После ужина, убрав за собой со стола. Андрей не торопясь мыл посуду, стараясь быть на ногах как минимум минут пятнадцать, чтобы не располнеть, потом проходил в зал, включал болгарский торшер и, усаживаясь в кресло, брался за газеты. Времени на них обычно уходило немного и, быстренько пробежав глазами основные новости, Андрей перебирался на свое любимое место — на диван, чтобы почитать очередную книжную новинку. Иногда, посмотрев на телевизор, вспоминал про футбол и звал дочь.
— Светланк, включи телек. Футбол начался.

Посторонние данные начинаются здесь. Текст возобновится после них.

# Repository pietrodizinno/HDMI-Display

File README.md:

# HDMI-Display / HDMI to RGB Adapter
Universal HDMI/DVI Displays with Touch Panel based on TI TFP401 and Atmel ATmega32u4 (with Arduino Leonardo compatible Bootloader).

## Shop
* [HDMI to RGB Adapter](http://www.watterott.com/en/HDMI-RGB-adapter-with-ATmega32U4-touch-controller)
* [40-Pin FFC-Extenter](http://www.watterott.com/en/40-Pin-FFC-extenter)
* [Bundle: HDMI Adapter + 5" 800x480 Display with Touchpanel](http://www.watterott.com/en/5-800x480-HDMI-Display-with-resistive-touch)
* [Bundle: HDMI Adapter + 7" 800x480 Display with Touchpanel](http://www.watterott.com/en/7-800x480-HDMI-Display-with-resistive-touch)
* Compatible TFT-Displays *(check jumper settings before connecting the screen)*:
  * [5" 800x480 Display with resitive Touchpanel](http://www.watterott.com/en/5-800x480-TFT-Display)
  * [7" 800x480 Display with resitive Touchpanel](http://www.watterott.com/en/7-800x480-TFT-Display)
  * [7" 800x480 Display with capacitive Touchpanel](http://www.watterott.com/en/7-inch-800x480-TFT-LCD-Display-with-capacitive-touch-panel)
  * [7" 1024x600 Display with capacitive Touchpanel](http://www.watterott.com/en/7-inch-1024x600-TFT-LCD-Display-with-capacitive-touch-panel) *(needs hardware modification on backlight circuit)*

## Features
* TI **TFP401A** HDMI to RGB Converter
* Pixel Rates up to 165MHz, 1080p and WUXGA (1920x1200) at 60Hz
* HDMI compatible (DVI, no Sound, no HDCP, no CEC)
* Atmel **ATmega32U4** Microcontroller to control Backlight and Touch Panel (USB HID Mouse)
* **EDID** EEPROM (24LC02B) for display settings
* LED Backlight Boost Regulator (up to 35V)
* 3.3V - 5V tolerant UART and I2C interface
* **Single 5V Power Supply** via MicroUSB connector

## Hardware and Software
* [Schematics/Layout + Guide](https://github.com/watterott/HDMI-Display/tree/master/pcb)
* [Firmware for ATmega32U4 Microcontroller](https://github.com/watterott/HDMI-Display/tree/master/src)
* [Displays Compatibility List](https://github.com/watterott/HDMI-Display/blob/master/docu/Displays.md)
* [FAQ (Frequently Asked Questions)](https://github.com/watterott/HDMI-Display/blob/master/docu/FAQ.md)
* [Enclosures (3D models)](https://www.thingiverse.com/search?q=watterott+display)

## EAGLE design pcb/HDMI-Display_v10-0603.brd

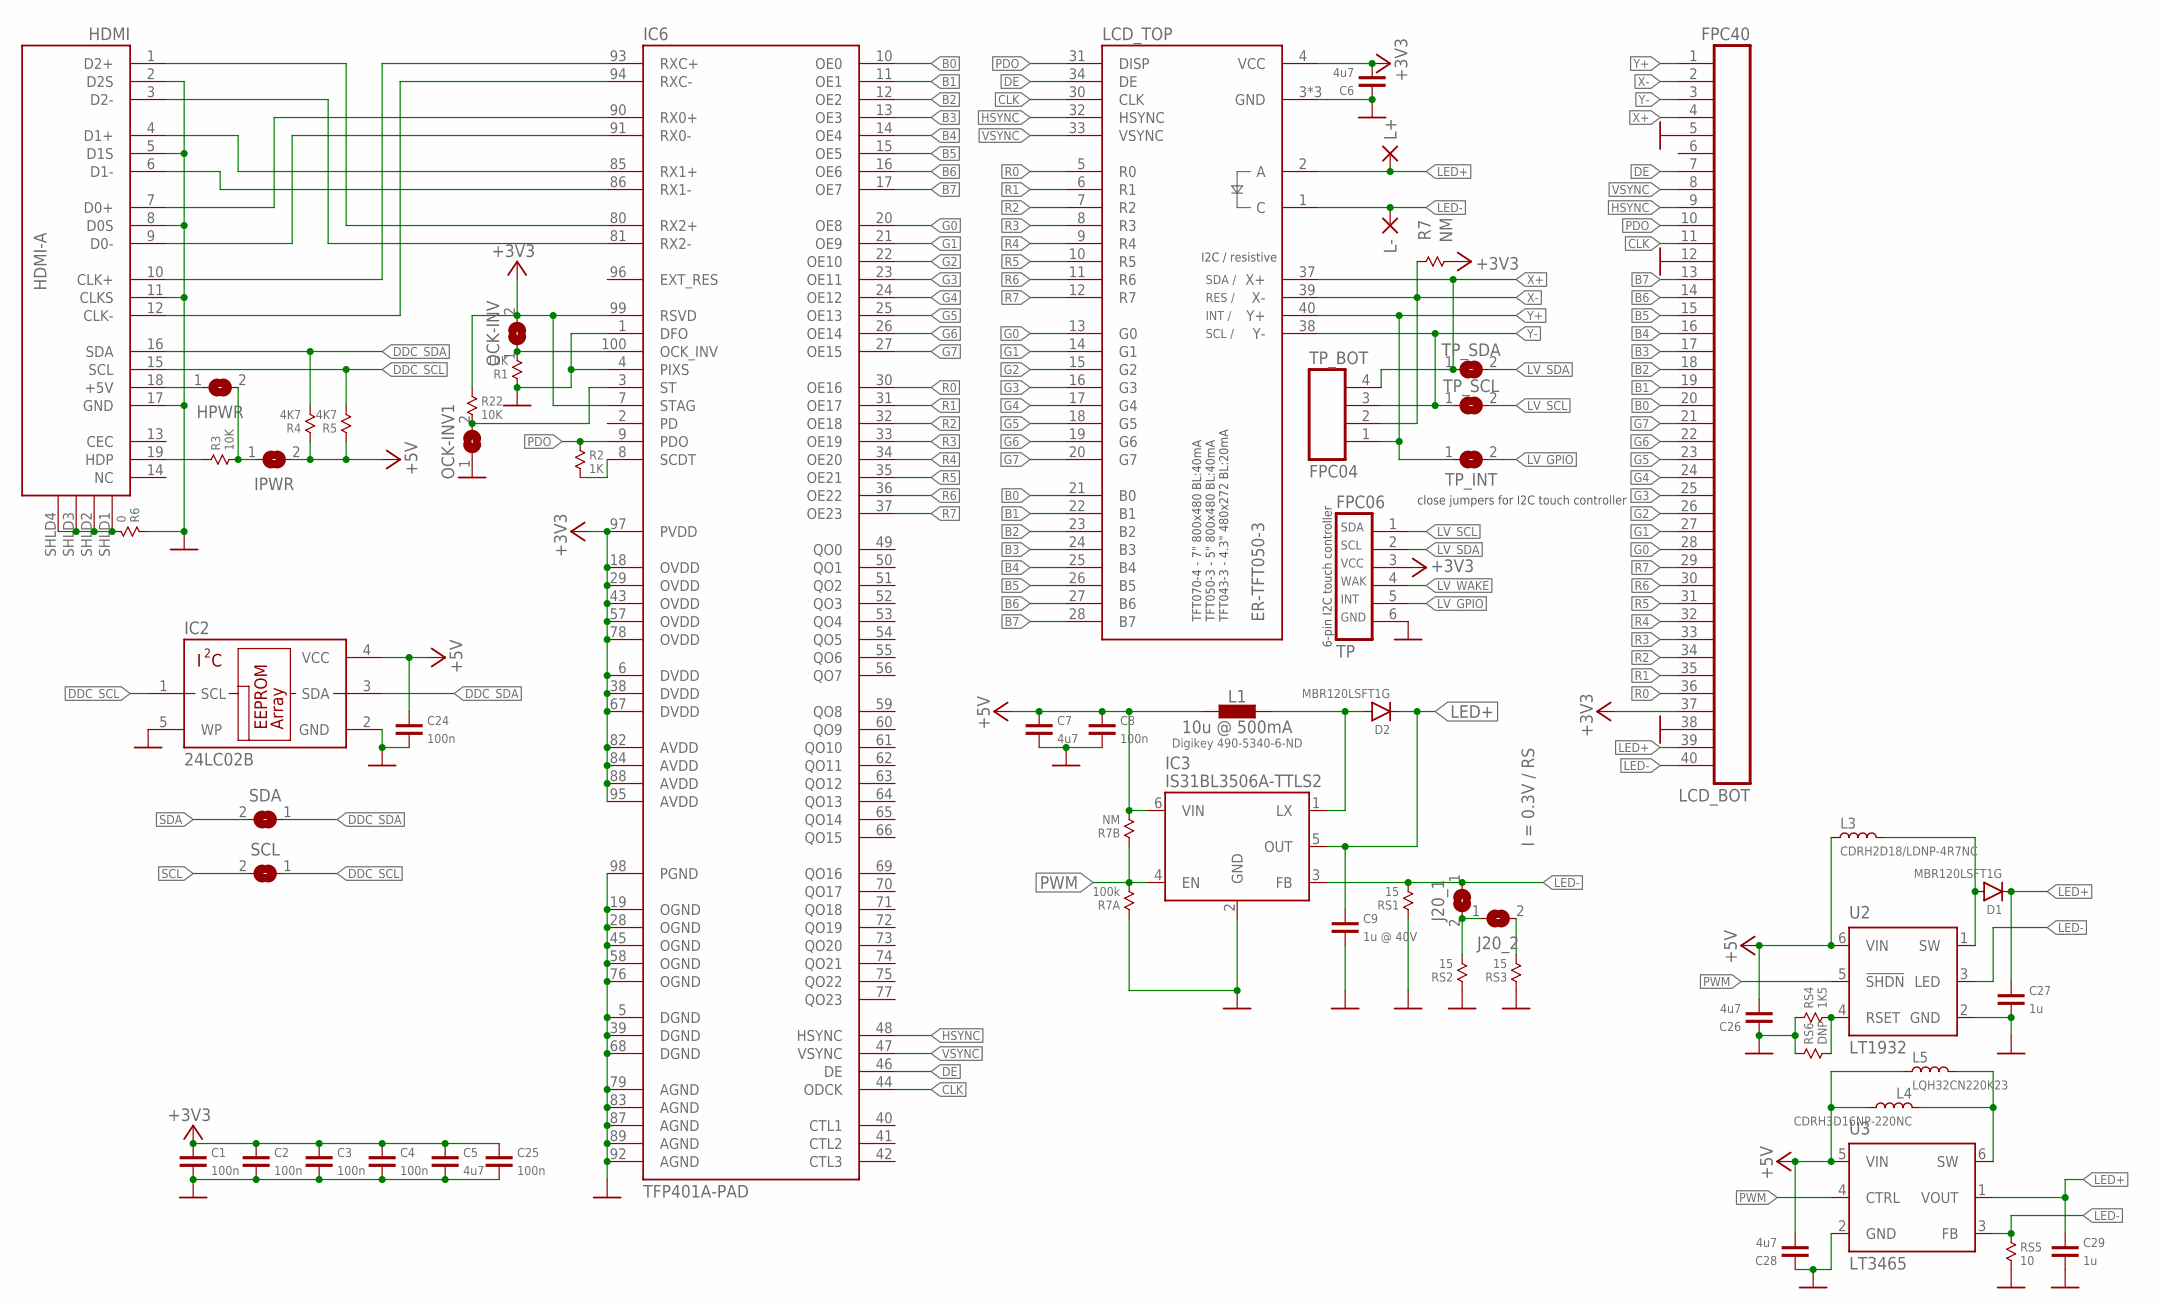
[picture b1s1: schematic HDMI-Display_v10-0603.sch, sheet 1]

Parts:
C1, C2, C3, C4, C8, C24, C25: 100n; 0603
C5, C6, C7, C26, C28: 4u7; 0603
C9: 1u @ 40V; 0805
C27, C29: 1u; 0603
D1, D2: MBR120LSFT1G; SOD-123
HDMI: HDMI-A; HDMI_10029449
HPWR: JUMPER2-0603
IC2: 24LC02B; SOT23-5
IC3: IS31BL3506A-TTLS2; SOT23-6
IC6: TFP401A-PAD; TQFP100-PAD
IPWR: JUMPER2-0603
J20_1, J20_2: JUMPER2-0402
L1: 10u @ 500mA; L_1212
L3: CDRH2D18/LDNP-4R7NC; CDRH2D18
L4: CDRH3D16NP-220NC; CDRH3D16
L5: LQH32CN220K23; LQH32CN_23/LQH32CN_33
L+: PAD-0.80X1.60_NC
L-: PAD-0.80X1.60_NC
LCD_BOT: FPC40
LCD_TOP: ER-TFT050-3; FPC40
OCK-INV, OCK-INV1: JUMPER2-0603-NC; JUMPER2-0603_NC
R1, R3, R22: 10K; 0603
R2: 1K; 0603
R4, R5: 4K7; 0603
R6: 0; 0603
R7, R7B: NM; 0603
R7A: 100k; 0603
RS1, RS2, RS3: 15; 0603
RS4: 1K5; 0603
RS5: 10; 0603
RS6: DNP; 0603
SCL: JUMPER2-0603
SDA: JUMPER2-0603
TP: FPC06
TP_BOT: FPC04
TP_INT: JUMPER2-0402
TP_SCL: JUMPER2-0402
TP_SDA: JUMPER2-0402
U2: LT1932; SOT23-6
U3: LT3465; SOT23-6

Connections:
+3V3: C1.2, C2.2, C3.2, C4.2, C5.2, C6.1, C25.2, IC6.6 (DVDD), IC6.7 (STAG), IC6.18 (OVDD), IC6.29 (OVDD), IC6.38 (DVDD), IC6.43 (OVDD), IC6.57 (OVDD), IC6.67 (DVDD), IC6.78 (OVDD), IC6.82 (AVDD), IC6.84 (AVDD), IC6.88 (AVDD), IC6.95 (AVDD), IC6.97 (PVDD), IC6.99 (RSVD), LCD_BOT.37, LCD_TOP.4 (VCC), OCK-INV.2, R7.2, R22.1, TP.3; also elsewhere on the board
+5V: C7.2, C8.2, C24.2, C26.1, C28.1, IC2.4 (VCC), IC3.6 (VIN), IPWR.2, L1.1, L3.1, L4.2, L5.1, R4.1, R5.1, R7B.2, U2.6 (VIN), U3.5 (VIN); also elsewhere on the board
B0: IC6.10 (OE0), LCD_BOT.20, LCD_TOP.21 (B0)
B1: IC6.11 (OE1), LCD_BOT.19, LCD_TOP.22 (B1)
B2: IC6.12 (OE2), LCD_BOT.18, LCD_TOP.23 (B2)
B3: IC6.13 (OE3), LCD_BOT.17, LCD_TOP.24 (B3)
B4: IC6.14 (OE4), LCD_BOT.16, LCD_TOP.25 (B4)
B5: IC6.15 (OE5), LCD_BOT.15, LCD_TOP.26 (B5)
B6: IC6.16 (OE6), LCD_BOT.14, LCD_TOP.27 (B6)
B7: IC6.17 (OE7), LCD_BOT.13, LCD_TOP.28 (B7)
CLK: IC6.44 (ODCK), LCD_BOT.11, LCD_TOP.30 (CLK)
CLK_N: HDMI.12 (CLK-), IC6.94 (RXC-)
CLK_P: HDMI.10 (CLK+), IC6.93 (RXC+)
D0_N: HDMI.9 (D0-), IC6.91 (RX0-)
D0_P: HDMI.7 (D0+), IC6.90 (RX0+)
D1_N: HDMI.6 (D1-), IC6.86 (RX1-)
D1_P: HDMI.4 (D1+), IC6.85 (RX1+)
D2_N: HDMI.3 (D2-), IC6.81 (RX2-)
D2_P: HDMI.1 (D2+), IC6.80 (RX2+)
DDC_SCL: HDMI.15 (SCL), IC2.1 (SCL), R5.2, SCL.1
DDC_SDA: HDMI.16 (SDA), IC2.3 (SDA), R4.2, SDA.1
DE: IC6.46 (DE), LCD_BOT.7, LCD_TOP.34 (DE)
G0: IC6.20 (OE8), LCD_BOT.28, LCD_TOP.13 (G0)
G1: IC6.21 (OE9), LCD_BOT.27, LCD_TOP.14 (G1)
G2: IC6.22 (OE10), LCD_BOT.26, LCD_TOP.15 (G2)
G3: IC6.23 (OE11), LCD_BOT.25, LCD_TOP.16 (G3)
G4: IC6.24 (OE12), LCD_BOT.24, LCD_TOP.17 (G4)
G5: IC6.25 (OE13), LCD_BOT.23, LCD_TOP.18 (G5)
G6: IC6.26 (OE14), LCD_BOT.22, LCD_TOP.19 (G6)
G7: IC6.27 (OE15), LCD_BOT.21, LCD_TOP.20 (G7)
GND: C1.1, C2.1, C3.1, C4.1, C5.1, C6.2, C7.1, C8.1, C9.1, C24.1, C25.1, C26.2, C27.1, C28.2, C29.1, HDMI.2 (D2S), HDMI.5 (D1S), HDMI.8 (D0S), HDMI.11 (CLKS), HDMI.17 (GND), IC2.2 (GND), IC2.5 (WP), IC3.2 (GND), IC6.1 (DFO), IC6.4 (PIXS), IC6.5 (DGND), IC6.19 (OGND), IC6.28 (OGND), IC6.39 (DGND), IC6.45 (OGND), IC6.58 (OGND), IC6.68 (DGND), IC6.76 (OGND), IC6.79 (AGND), IC6.83 (AGND), IC6.87 (AGND), IC6.89 (AGND), IC6.92 (AGND), IC6.98 (PGND), LCD_BOT.5, LCD_BOT.12, LCD_BOT.38, LCD_TOP.3 (GND), LCD_TOP.29 (GND), LCD_TOP.36 (GND), OCK-INV1.1, R1.1, R6.1, R7A.1, RS1.1, RS2.1, RS3.1, RS4.1, RS5.2, RS6.1, TP.6, U2.2 (GND), U3.2 (GND); also elsewhere on the board
HDMI_5V: HDMI.18 (+5V), HPWR.1
HDMI_DECT: HDMI.19 (HDP), R3.1
HSYNC: IC6.48 (HSYNC), LCD_BOT.9, LCD_TOP.32 (HSYNC)
LED+: C9.2, C27.2, C29.2, D1.C, D2.C, IC3.5 (OUT), L+.1, LCD_BOT.39, LCD_TOP.2 (A), U3.1 (VOUT)
LED-: IC3.3 (FB), J20_1.1, L-.1, LCD_BOT.40, LCD_TOP.1 (C), RS1.2, RS5.1, U2.3 (LED), U3.3 (FB)
LV_GPIO: TP.5, TP_INT.2; also elsewhere on the board
LV_SCL: TP.1, TP_SCL.2; also elsewhere on the board
LV_SDA: TP.2, TP_SDA.2; also elsewhere on the board
LV_WAKE: TP.4
LX: D2.A, IC3.1 (LX), L1.2
unnamed: J20_2.2, RS3.2
unnamed: J20_1.2, J20_2.1, RS2.2
unnamed: IC6.100 (OCK_INV), OCK-INV.1, R1.2
unnamed: IC6.3 (ST), OCK-INV1.2, R22.2
unnamed: HPWR.2, IPWR.1, R3.2
unnamed: RS4.2, RS6.2, U2.4 (RSET)
unnamed: D1.A, L3.2, U2.1 (SW)
unnamed: L4.1, L5.2, U3.6 (SW)
PDO: IC6.9 (PDO), LCD_BOT.10, LCD_TOP.31 (DISP), R2.1
PWM: IC3.4 (EN), R7A.2, R7B.1, U2.5 (!SHDN), U3.4 (CTRL); also elsewhere on the board
R0: IC6.30 (OE16), LCD_BOT.36, LCD_TOP.5 (R0)
R1: IC6.31 (OE17), LCD_BOT.35, LCD_TOP.6 (R1)
R2: IC6.32 (OE18), LCD_BOT.34, LCD_TOP.7 (R2)
R3: IC6.33 (OE19), LCD_BOT.33, LCD_TOP.8 (R3)
R4: IC6.34 (OE20), LCD_BOT.32, LCD_TOP.9 (R4)
R5: IC6.35 (OE21), LCD_BOT.31, LCD_TOP.10 (R5)
R6: IC6.36 (OE22), LCD_BOT.30, LCD_TOP.11 (R6)
R7: IC6.37 (OE23), LCD_BOT.29, LCD_TOP.12 (R7)
SCDT: IC6.8 (SCDT), R2.2
SCL: SCL.2; also elsewhere on the board
SDA: SDA.2; also elsewhere on the board
SHLD3: HDMI.SHLD1 (SHLD), HDMI.SHLD2 (SHLD), HDMI.SHLD3 (SHLD), HDMI.SHLD4 (SHLD), R6.2
VSYNC: IC6.47 (VSYNC), LCD_BOT.8, LCD_TOP.33 (VSYNC)
X+: LCD_BOT.4, LCD_TOP.37 (X+), TP_BOT.4, TP_SDA.1; also elsewhere on the board
X-: LCD_BOT.2, LCD_TOP.39 (X-), R7.1, TP_BOT.2; also elsewhere on the board
Y+: LCD_BOT.1, LCD_TOP.40 (Y+), TP_BOT.1, TP_INT.1; also elsewhere on the board
Y-: LCD_BOT.3, LCD_TOP.38 (Y-), TP_BOT.3, TP_SCL.1; also elsewhere on the board

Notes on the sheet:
I = 0.3V / RS
Digikey 490-5340-6-ND
TFT070-4 - 7" 800x480 BL:40mA TFT050-3 - 5" 800x480 BL:40mA TFT043-3 - 4.3" 480x272 BL:20mA
SDA /
SCL /
RES /
INT /
SDA
SCL
VCC
INT
WAK
GND
close jumpers for I2C touch controller
6-pin I2C touch controller
I2C / resistive

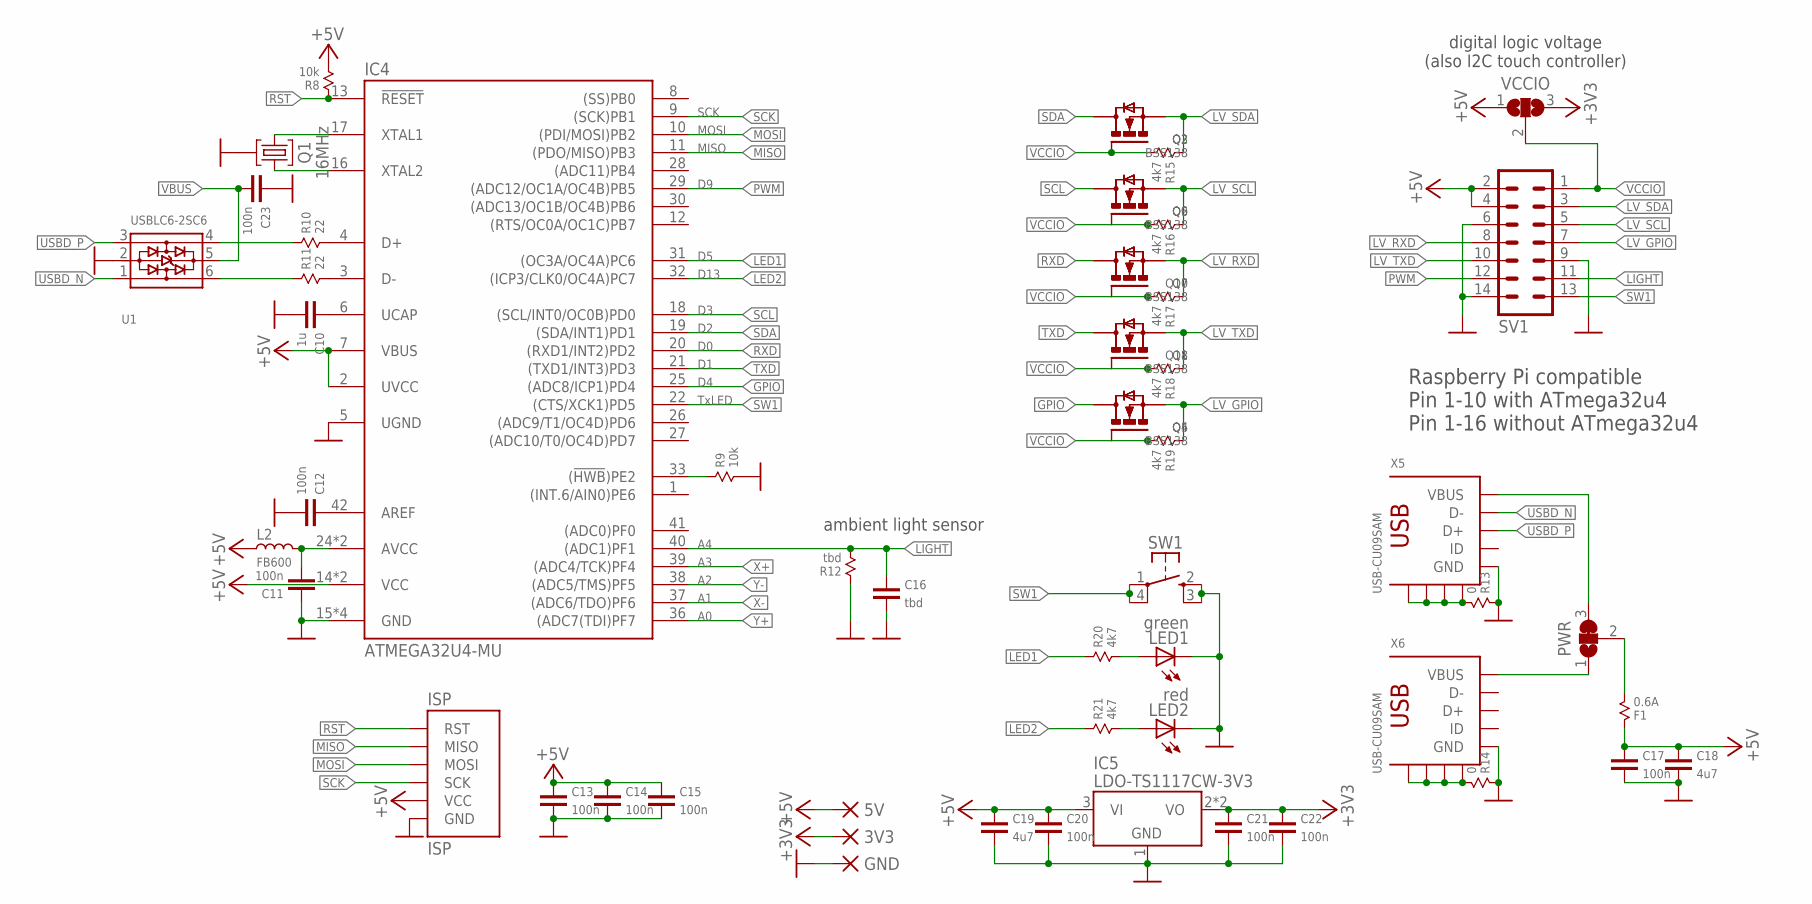
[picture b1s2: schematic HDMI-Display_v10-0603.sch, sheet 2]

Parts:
3V3, 5V: PAD-1.27X1.27_NC
C10: 1u; 0603
C11, C12, C13, C14, C15, C17, C20, C21, C22, C23: 100n; 0603
C16: tbd; 0603
C18, C19: 4u7; 0603
F1: 0.6A; 0805
GND: PAD-1.27X1.27_NC
IC4: ATMEGA32U4-MU; QFN44
IC5: LDO-TS1117CW-3V3; SOT223
ISP: ISP
L2: FB600; 0603
LED1: green; LED_0603
LED2: red; LED_0603
PWR: JUMPER3-0603
Q1: 16MHz; CRYSTAL_32X13
Q2, Q5, Q6, Q7, Q8: MOSFET-N-SOT323; SOT323
Q3, Q4, Q9, Q10, Q11: BSS138; SOT-23
R8, R9: 10k; 0603
R10, R11: 22; 0603
R12: tbd; 0603
R13, R14: 0; 0603
R15, R16, R17, R18, R19, R20, R21: 4k7; 0603
SV1: MA07-2
SW1: SW-TACTILE-TL3315; SW_TL3315N
U1: USBLC6-2SC6; SOT23-6
VCCIO: JUMPER3-0603-NC; JUMPER3-0603_NC
X5, X6: USB-CU09SAM; CU09SAM

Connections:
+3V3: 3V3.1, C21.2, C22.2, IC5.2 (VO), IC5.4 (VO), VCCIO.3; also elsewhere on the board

Позабыв о недавней обиде на отца, дочь стремглав влетала в зал, спрашивая:
— На какой программе футбол, пап?
— На второй.
Когда на экране начинало сочно зеленеть футбольное поле, дочь снова уходила к себе, а Андрей думал: все-таки это очень хорошо, когда есть к кому обратиться с простой человеческой просьбой. Ну хоть, например, включить телевизор. Через некоторое время он задремывал. Но в последнее время, что немало удивляло Светланку, время от времени заглядывавшую проверить, не уснул ли отец, она редко заставала его спящим. Подперев и обхватив лицо ладонями, Андрей только силился наблюдать за происходящим на экране, а думы его были далеко не о футболе. Вроде вот только что, на работе, в нем в очередной раз утвердилось решение уехать, а дома от этого решения не оставалось и следа. И Андрей со смешанным чувством досады и облегчения думал о том, что не только никуда не уедет, но и не сдвинется ни на шаг со своего любимого места. И ничего тут не поделаешь: ему нравилось дома. В квартире, в обстановке, на приобретение которой они с Анной потратили немало средств и потребовались годы, теперь он видел своего главного врага. «Неужели, — негодовал он, сердито осматриваясь вокруг, — эта стенка, за которой охотились три года, книги, цветной телевизор, купленный еще в кредит, люстра из хрусталя, палас, напоминающий газон из западного фильма, диван — самое удобное место для отдыха, — неужели все это важнее, чем то, что меня ожидает за тысячу километров?» Вряд ли, говорил он себе. И в то же время внутренний голос ему подсказывал, что и эта окружающая его обстановка — фактор, и еще какой! Так просто от него не отмахнешься. И все-таки это не главное. Без всех этих, хотя и необходимых, престижных атрибутов, он понимал, прожить можно. Тогда в чем же дело? Бери расчет, объясняйся с женой, проси прощения у своей кровинушки — дочери — за то, что ты оказался плохим отцом, и лети как на крыльях к Полине. Двоих Лопатьевых, давно твоих, теперь, как ненужных, бросай — и мчись туда, где пока еще нет для тебя такого любимого места отдыха, как этот диван, нет такой шикарной стенки с книгами, необходимыми тебе для работы и жизни. Но разве это главное! Разве без этого нельзя прожить? Можно, конечно, можно. Но, видимо, есть что-то и более важное.